I have been quiet for months and keep my secret but I just picked up our new addition today and he is just beautiful. Our FIRST Shetland and a keeper (in my opinion). I love the Taylors and the quality of horses they have is awesome.

Our new colt is Michigans Image in Z Woods. Full brother to a filly that McCarthys showed this year Michigan's Little Sharp Image and did very well at Nationals




His barn name will be Z or Z Man or Woody (OK we can't decide yet) and he will definitely mature under 34 and will be hardshipped later. He has the most beautiful head and tiny ears and ultra refined. But for now Jessie is already thinking of what treats to give him. We'll try to get updated pics later.
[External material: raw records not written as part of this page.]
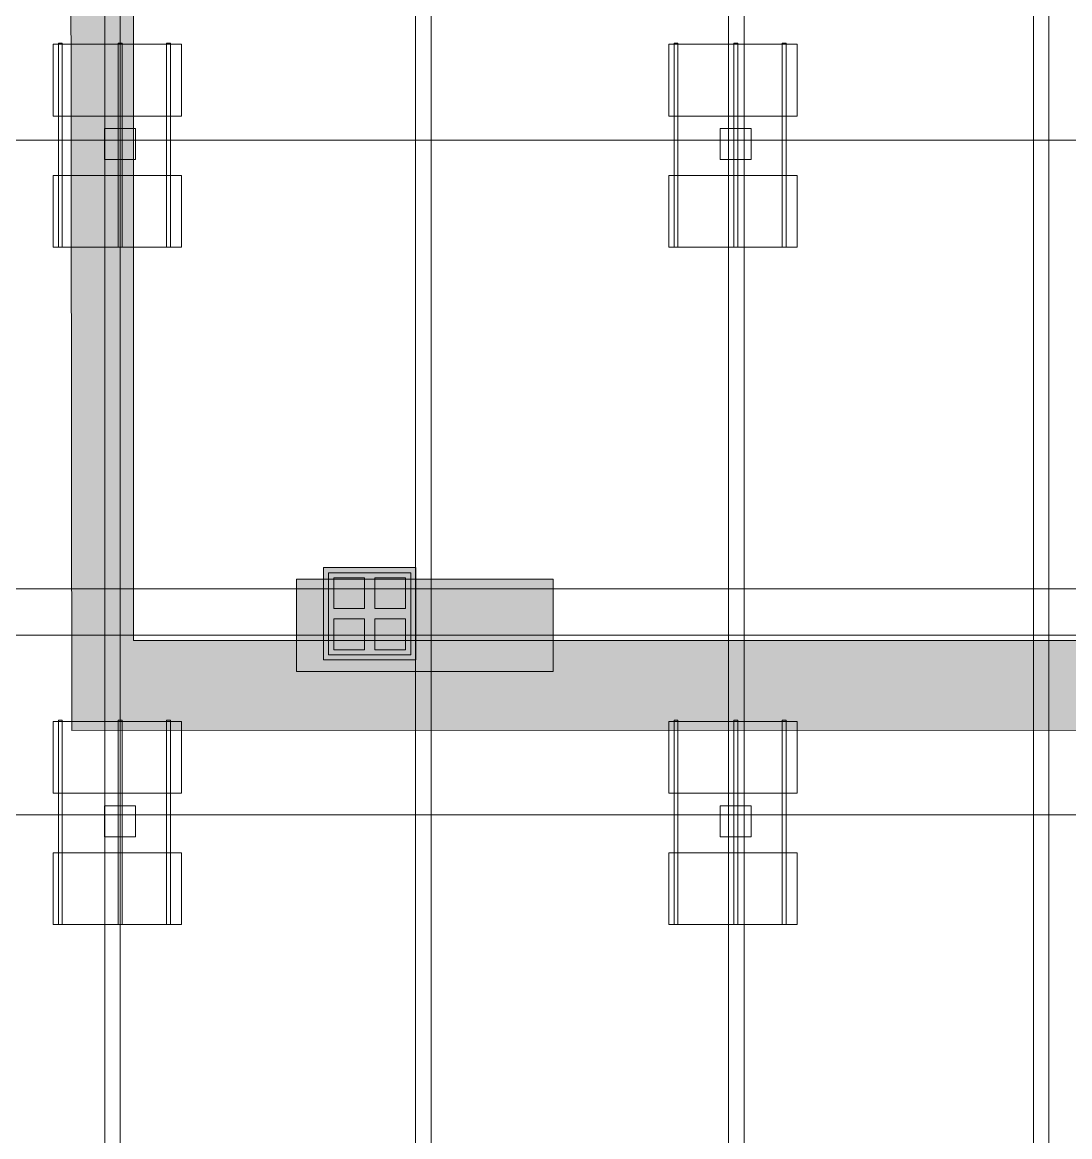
# Model space of a CAD drawing. Header units: inches. Extents: x -10671 to 1761, y -674 to 7170.
# Drawn here: x -9153.5 to -8745.6, y 2334.5 to 2768.7 of the extents above; entities that cross this region are included whole.
import ezdxf

# ---------------------------------------------------------------- set-up
doc = ezdxf.new("R2010")
doc.units = ezdxf.units.IN
doc.header["$LTSCALE"] = 19.2
doc.header["$MEASUREMENT"] = 0
for name, color, linetype, lineweight, true_color in [('DWG-bldg-utility box', 3, 'Continuous', 18, 0x00ff00), ('Venue-Ceiling-HVAC', 7, 'Continuous', 5, 0xbbbbbb), ('Venue-NO HANG ZONE', 7, 'Continuous', 15, 0xdd0000), ('Venue-Rigging Steel-High', 7, 'Continuous', 5, 0x800000), ('Venue-Rigging Steel-Low', 7, 'Continuous', 5, 0x0000dd)]:
    doc.layers.add(name, color=color, linetype=linetype, lineweight=lineweight, true_color=true_color)
for name, color, linetype, lineweight in [('Venue-Ceiling-Lights', 7, 'Continuous', 5), ('Venue-Ceiling-Lights Circuits', 7, 'Continuous', 5), ('Venue-Floor Pockets', 7, 'Continuous', 5)]:
    doc.layers.add(name, color=color, linetype=linetype, lineweight=lineweight)

# ---------------------------------------------------------------- blocks, each defined once
blk = doc.blocks.new('FLOORBOX')
at = {"layer": 'Venue-Floor Pockets', "linetype": 'Continuous', "lineweight": 0, "true_color": 0xaaaaaa}
blk.add_hatch(color=253, dxfattribs=at).paths.add_polyline_path([(-18, 18), (18, 18), (18, -18), (-18, -18)])
at = {"layer": 'Venue-Floor Pockets', "linetype": 'Continuous', "lineweight": 0, "true_color": 0xbbbbbb}
blk.add_hatch(color=9, dxfattribs=at).paths.add_polyline_path([(-16, 16), (16, 16), (16, -16), (-16, -16)])
at = {"layer": 'Venue-Floor Pockets', "linetype": 'Continuous', "lineweight": 0, "true_color": 0xdddddd}
for points in [[(-14, 14), (-2, 14), (-2, 2), (-14, 2)], [(2, 14), (14, 14), (14, 2), (2, 2)], [(-14, -2), (-2, -2), (-2, -14), (-14, -14)], [(2, -2), (14, -2), (14, -14), (2, -14)]]:
    blk.add_hatch(color=254, dxfattribs=at).paths.add_polyline_path(points)
at = {"layer": 'Venue-Floor Pockets', "color": 7, "linetype": 'Continuous', "lineweight": 5, "flags": 128}
for points in [[(-18, 18), (18, 18), (18, -18), (-18, -18)], [(-16, 16), (16, 16), (16, -16), (-16, -16)], [(-14, 14), (-2, 14), (-2, 2), (-14, 2)], [(2, 14), (14, 14), (14, 2), (2, 2)], [(-14, -2), (-2, -2), (-2, -14), (-14, -14)], [(2, -2), (14, -2), (14, -14), (2, -14)]]:
    blk.add_lwpolyline(points, close=True, dxfattribs=at)
blk = doc.blocks.new('Group-46-1')
at = {"layer": 'Venue-Ceiling-Lights', "color": 7, "linetype": 'Continuous', "lineweight": 5}
for points in [[(-9141.5, 2681.06, 355.98), (-9141.5, 2681.06, 359.98), (-9141.5, 2709.06, 359.98), (-9141.5, 2709.06, 355.98)], [(-9141.5, 2709.06, 355.98), (-9141.5, 2709.06, 359.98), (-9091.5, 2709.06, 359.98), (-9091.5, 2709.06, 355.98)], [(-9091.5, 2709.06, 359.98), (-9141.5, 2709.06, 359.98), (-9141.5, 2681.06, 359.98), (-9091.5, 2681.06, 359.98)], [(-9091.5, 2681.06, 355.98), (-9141.5, 2681.06, 355.98), (-9141.5, 2709.06, 355.98), (-9091.5, 2709.06, 355.98)], [(-9091.5, 2709.06, 355.98), (-9091.5, 2709.06, 359.98), (-9091.5, 2681.06, 359.98), (-9091.5, 2681.06, 355.98)], [(-9091.5, 2681.06, 355.98), (-9091.5, 2681.06, 359.98), (-9141.5, 2681.06, 359.98), (-9141.5, 2681.06, 355.98)]]:
    blk.add_3dface(points, dxfattribs=at)
blk = doc.blocks.new('Group-47-1')
at = {"layer": 'Venue-Ceiling-Lights', "color": 7, "linetype": 'Continuous', "lineweight": 5}
for points in [[(-9097.35, 2681.06, 360.05), (-9097.35, 2681.06, 361.05), (-9097.35, 2760.64, 361.05), (-9097.35, 2760.64, 360.05)], [(-9097.35, 2760.64, 360.05), (-9097.35, 2760.64, 361.05), (-9095.85, 2760.64, 361.05), (-9095.85, 2760.64, 360.05)], [(-9095.85, 2760.64, 361.05), (-9097.35, 2760.64, 361.05), (-9097.35, 2681.06, 361.05), (-9095.85, 2681.06, 361.05)], [(-9095.85, 2681.06, 360.05), (-9097.35, 2681.06, 360.05), (-9097.35, 2760.64, 360.05), (-9095.85, 2760.64, 360.05)], [(-9095.85, 2760.64, 360.05), (-9095.85, 2760.64, 361.05), (-9095.85, 2681.06, 361.05), (-9095.85, 2681.06, 360.05)], [(-9095.85, 2681.06, 360.05), (-9095.85, 2681.06, 361.05), (-9097.35, 2681.06, 361.05), (-9097.35, 2681.06, 360.05)]]:
    blk.add_3dface(points, dxfattribs=at)
blk = doc.blocks.new('Group-48-1')
at = {"layer": 'Venue-Ceiling-Lights', "color": 7, "linetype": 'Continuous', "lineweight": 5}
for points in [[(-9116.17, 2681.06, 360.05), (-9116.17, 2681.06, 361.05), (-9116.17, 2760.64, 361.05), (-9116.17, 2760.64, 360.05)], [(-9116.17, 2760.64, 360.05), (-9116.17, 2760.64, 361.05), (-9114.67, 2760.64, 361.05), (-9114.67, 2760.64, 360.05)], [(-9114.67, 2760.64, 361.05), (-9116.17, 2760.64, 361.05), (-9116.17, 2681.06, 361.05), (-9114.67, 2681.06, 361.05)], [(-9114.67, 2681.06, 360.05), (-9116.17, 2681.06, 360.05), (-9116.17, 2760.64, 360.05), (-9114.67, 2760.64, 360.05)], [(-9114.67, 2760.64, 360.05), (-9114.67, 2760.64, 361.05), (-9114.67, 2681.06, 361.05), (-9114.67, 2681.06, 360.05)], [(-9114.67, 2681.06, 360.05), (-9114.67, 2681.06, 361.05), (-9116.17, 2681.06, 361.05), (-9116.17, 2681.06, 360.05)]]:
    blk.add_3dface(points, dxfattribs=at)
blk = doc.blocks.new('Group-49-1')
at = {"layer": 'Venue-Ceiling-Lights', "color": 7, "linetype": 'Continuous', "lineweight": 5}
for points in [[(-9139.44, 2681.06, 360.05), (-9139.44, 2681.06, 361.05), (-9139.44, 2760.64, 361.05), (-9139.44, 2760.64, 360.05)], [(-9139.44, 2760.64, 360.05), (-9139.44, 2760.64, 361.05), (-9137.94, 2760.64, 361.05), (-9137.94, 2760.64, 360.05)], [(-9137.94, 2760.64, 361.05), (-9139.44, 2760.64, 361.05), (-9139.44, 2681.06, 361.05), (-9137.94, 2681.06, 361.05)], [(-9137.94, 2681.06, 360.05), (-9139.44, 2681.06, 360.05), (-9139.44, 2760.64, 360.05), (-9137.94, 2760.64, 360.05)], [(-9137.94, 2760.64, 360.05), (-9137.94, 2760.64, 361.05), (-9137.94, 2681.06, 361.05), (-9137.94, 2681.06, 360.05)], [(-9137.94, 2681.06, 360.05), (-9137.94, 2681.06, 361.05), (-9139.44, 2681.06, 361.05), (-9139.44, 2681.06, 360.05)]]:
    blk.add_3dface(points, dxfattribs=at)
blk = doc.blocks.new('Group-50-1')
at = {"layer": 'Venue-Ceiling-Lights', "color": 7, "linetype": 'Continuous', "lineweight": 5}
for points in [[(-9141.5, 2732.21, 355.98), (-9141.5, 2732.21, 359.98), (-9141.5, 2760.21, 359.98), (-9141.5, 2760.21, 355.98)], [(-9141.5, 2760.21, 355.98), (-9141.5, 2760.21, 359.98), (-9091.5, 2760.21, 359.98), (-9091.5, 2760.21, 355.98)], [(-9091.5, 2760.21, 359.98), (-9141.5, 2760.21, 359.98), (-9141.5, 2732.21, 359.98), (-9091.5, 2732.21, 359.98)], [(-9091.5, 2732.21, 355.98), (-9141.5, 2732.21, 355.98), (-9141.5, 2760.21, 355.98), (-9091.5, 2760.21, 355.98)], [(-9091.5, 2760.21, 355.98), (-9091.5, 2760.21, 359.98), (-9091.5, 2732.21, 359.98), (-9091.5, 2732.21, 355.98)], [(-9091.5, 2732.21, 355.98), (-9091.5, 2732.21, 359.98), (-9141.5, 2732.21, 359.98), (-9141.5, 2732.21, 355.98)]]:
    blk.add_3dface(points, dxfattribs=at)
blk = doc.blocks.new('Group-51-1')
at = {"layer": 'Venue-Ceiling-Lights', "color": 7, "linetype": 'Continuous', "lineweight": 5}
for points in [[(-9121.45, 2727.29, 350), (-9121.45, 2727.29, 356), (-9109.45, 2727.29, 356), (-9109.45, 2727.29, 350)], [(-9121.45, 2715.29, 350), (-9121.45, 2715.29, 356), (-9121.45, 2727.29, 356), (-9121.45, 2727.29, 350)], [(-9109.45, 2727.29, 356), (-9121.45, 2727.29, 356), (-9121.45, 2715.29, 356), (-9109.45, 2715.29, 356)], [(-9109.45, 2715.29, 350), (-9121.45, 2715.29, 350), (-9121.45, 2727.29, 350), (-9109.45, 2727.29, 350)], [(-9109.45, 2727.29, 350), (-9109.45, 2727.29, 356), (-9109.45, 2715.29, 356), (-9109.45, 2715.29, 350)], [(-9109.45, 2715.29, 350), (-9109.45, 2715.29, 356), (-9121.45, 2715.29, 356), (-9121.45, 2715.29, 350)]]:
    blk.add_3dface(points, dxfattribs=at)
blk = doc.blocks.new('Group-52-1')
at = {"layer": 'Venue-Ceiling-Lights', "color": 7}
for name in ['Group-50-1', 'Group-49-1', 'Group-48-1', 'Group-47-1', 'Group-46-1']:
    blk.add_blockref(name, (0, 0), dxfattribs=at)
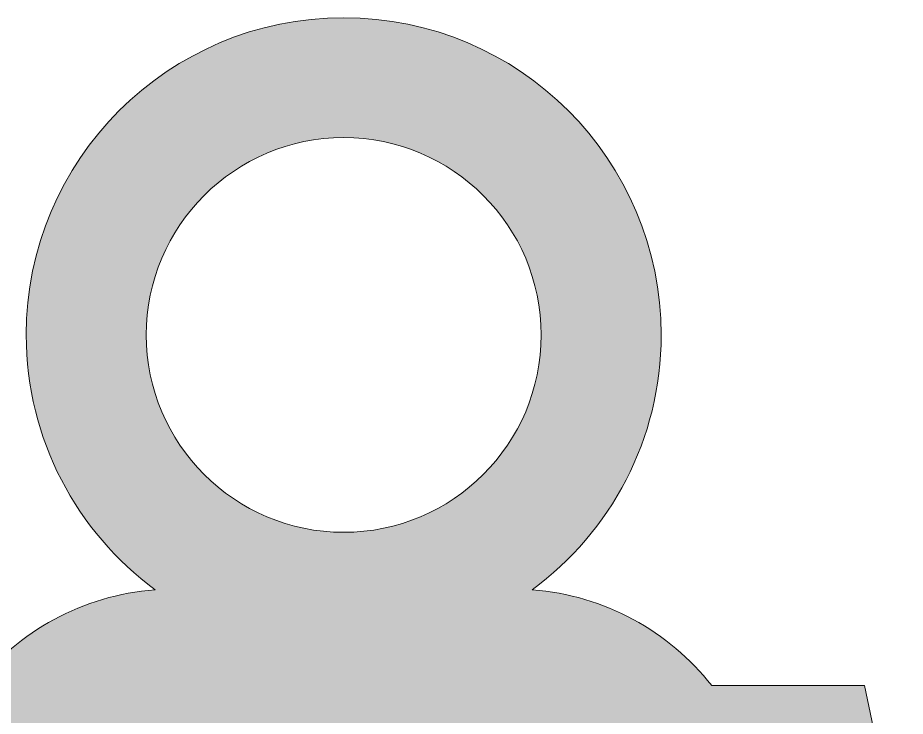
# Model space of a CAD drawing. Header units: millimetres. Extents: x -42 to 192, y -117 to -17.
# Drawn here: x 127.83 to 144.94, y -30.72 to -17.24 of the extents above; entities that cross this region are included whole.
import ezdxf

# ---------------------------------------------------------------- set-up
doc = ezdxf.new("R2010")
doc.units = ezdxf.units.MM
doc.header["$MEASUREMENT"] = 0
doc.layers.add('Layer 1', color=7, linetype='Continuous')

msp = doc.modelspace()

# ---------------------------------------------------------------- hatches: boundary and pattern name
at = {"layer": 'Layer 1'}
h = msp.add_hatch(color=2, dxfattribs=at)
h.dxf.hatch_style = 2
edge = h.paths.add_edge_path()
edge.add_spline(control_points=[(163.535, -30.121), (163.535, -30.121), (152.73, -71.11), (152.73, -71.11), (152.73, -71.11), (144.157, -30.121), (144.157, -30.121), (144.157, -30.121), (141.21, -30.121), (141.21, -30.121), (140.385, -29.082), (139.149, -28.383), (137.751, -28.276), (139.256, -27.161), (140.236, -25.378), (140.236, -23.361), (140.236, -19.98), (137.496, -17.24), (134.115, -17.24), (130.735, -17.24), (127.995, -19.98), (127.995, -23.361), (127.995, -25.378), (128.975, -27.161), (130.479, -28.276), (129.082, -28.383), (127.846, -29.082), (127.021, -30.121), (127.021, -30.121), (124.073, -30.121), (124.073, -30.121), (124.073, -30.121), (115.617, -71.11), (115.617, -71.11), (115.617, -71.11), (104.695, -30.121), (104.695, -30.121), (104.695, -30.121), (76.508, -30.121), (76.508, -30.121), (76.508, -30.121), (100.937, -115.27), (100.937, -115.27), (100.937, -115.27), (126.657, -115.27), (126.657, -115.27), (126.657, -115.27), (134.174, -87.788), (134.174, -87.788), (134.174, -87.788), (141.573, -115.27), (141.573, -115.27), (141.573, -115.27), (167.294, -115.27), (167.294, -115.27), (167.294, -115.27), (191.723, -30.121), (191.723, -30.121), (191.723, -30.121), (163.535, -30.121), (163.535, -30.121)], knot_values=[0, 0, 0, 0, 1, 1, 1, 2, 2, 2, 3, 3, 3, 4, 4, 4, 5, 5, 5, 6, 6, 6, 7, 7, 7, 8, 8, 8, 9, 9, 9, 10, 10, 10, 11, 11, 11, 12, 12, 12, 13, 13, 13, 14, 14, 14, 15, 15, 15, 16, 16, 16, 17, 17, 17, 18, 18, 18, 19, 19, 19, 20, 20, 20, 20], degree=3, periodic=1)
edge = h.paths.add_edge_path()
edge.add_spline(control_points=[(130.308, -23.361), (130.308, -21.261), (132.016, -19.553), (134.115, -19.553), (136.215, -19.553), (137.923, -21.261), (137.923, -23.361), (137.923, -25.46), (136.215, -27.168), (134.115, -27.168), (132.016, -27.168), (130.308, -25.46), (130.308, -23.361)], knot_values=[0, 0, 0, 0, 1, 1, 1, 2, 2, 2, 3, 3, 3, 4, 4, 4, 4], degree=3, periodic=1)

# ---------------------------------------------------------------- linework, layer by layer
at = {"layer": 'Layer 1', "lineweight": 0}
for points, knots in [([(163.535, -30.121), (163.535, -30.121), (152.73, -71.11), (152.73, -71.11), (152.73, -71.11), (144.157, -30.121), (144.157, -30.121), (144.157, -30.121), (141.21, -30.121), (141.21, -30.121), (140.385, -29.082), (139.149, -28.383), (137.751, -28.276), (139.256, -27.161), (140.236, -25.378), (140.236, -23.361), (140.236, -19.98), (137.496, -17.24), (134.115, -17.24), (130.735, -17.24), (127.995, -19.98), (127.995, -23.361), (127.995, -25.378), (128.975, -27.161), (130.479, -28.276), (129.082, -28.383), (127.846, -29.082), (127.021, -30.121), (127.021, -30.121), (124.073, -30.121), (124.073, -30.121), (124.073, -30.121), (115.617, -71.11), (115.617, -71.11), (115.617, -71.11), (104.695, -30.121), (104.695, -30.121), (104.695, -30.121), (76.508, -30.121), (76.508, -30.121), (76.508, -30.121), (100.937, -115.27), (100.937, -115.27), (100.937, -115.27), (126.657, -115.27), (126.657, -115.27), (126.657, -115.27), (134.174, -87.788), (134.174, -87.788), (134.174, -87.788), (141.573, -115.27), (141.573, -115.27), (141.573, -115.27), (167.294, -115.27), (167.294, -115.27), (167.294, -115.27), (191.723, -30.121), (191.723, -30.121), (191.723, -30.121), (163.535, -30.121), (163.535, -30.121)], [0, 0, 0, 0, 1, 1, 1, 2, 2, 2, 3, 3, 3, 4, 4, 4, 5, 5, 5, 6, 6, 6, 7, 7, 7, 8, 8, 8, 9, 9, 9, 10, 10, 10, 11, 11, 11, 12, 12, 12, 13, 13, 13, 14, 14, 14, 15, 15, 15, 16, 16, 16, 17, 17, 17, 18, 18, 18, 19, 19, 19, 20, 20, 20, 20]), ([(130.308, -23.361), (130.308, -21.261), (132.016, -19.553), (134.115, -19.553), (136.215, -19.553), (137.923, -21.261), (137.923, -23.361), (137.923, -25.46), (136.215, -27.168), (134.115, -27.168), (132.016, -27.168), (130.308, -25.46), (130.308, -23.361)], [0, 0, 0, 0, 1, 1, 1, 2, 2, 2, 3, 3, 3, 4, 4, 4, 4])]:
    msp.add_open_spline(points, degree=3, knots=knots, dxfattribs=at)

doc.saveas('drawing.dxf')

As Tom said he is "a cocky little fella" and nothing like our laid back minis. He has lots of fire



and Josh Tibbs is asking already for me to bring him down with Yooper (our Nighthawk colt we are having Josh for 2008) but 2009 will be his year with him



UNLESS I win the lotto





SO Merry Christmas to me and after the awful year



we have had -we deserve him and are tickled pink and the Taylors will see us at the May sale for a future girlfriend for him


----------



## Russ (Dec 22, 2007)

*WOW*



He is *really* nice!!!





Merry Christmas and Congratulations!


----------



## Leeana (Dec 22, 2007)

He is beautiful, congrats





I love those Michigan horses


----------



## MBhorses (Dec 22, 2007)

congrats,

what a nice looking fellow


----------



## Kitty (Dec 22, 2007)

When we went there, my son Shawn, was upset with me.



He had 3 (only 3 Mom) he wanted to bring home.

I saw Z and that was it for me and Rick (the other half) was nodding his head. But Z was only 2 months old and we had to leave him (hard for me) but I paid him in full (didn't want to take any chances) and left. And I am glad I did because a trainer was there that day and smiled at me and said "your lucky you got him because I wouldn't have left him here". And today Tom told me "it wouldn't be hard to sell him" he's had lots of inquires. I smiled and said "Tom, he isn't going anywhere but to the winners circle for us and hopefully a nice title to his name". Tom smiled.

This is the link to his sister at McCarthys McCarthys filly (sister to colt) and she is beautiful. I had commented on her but at the time didn't know that.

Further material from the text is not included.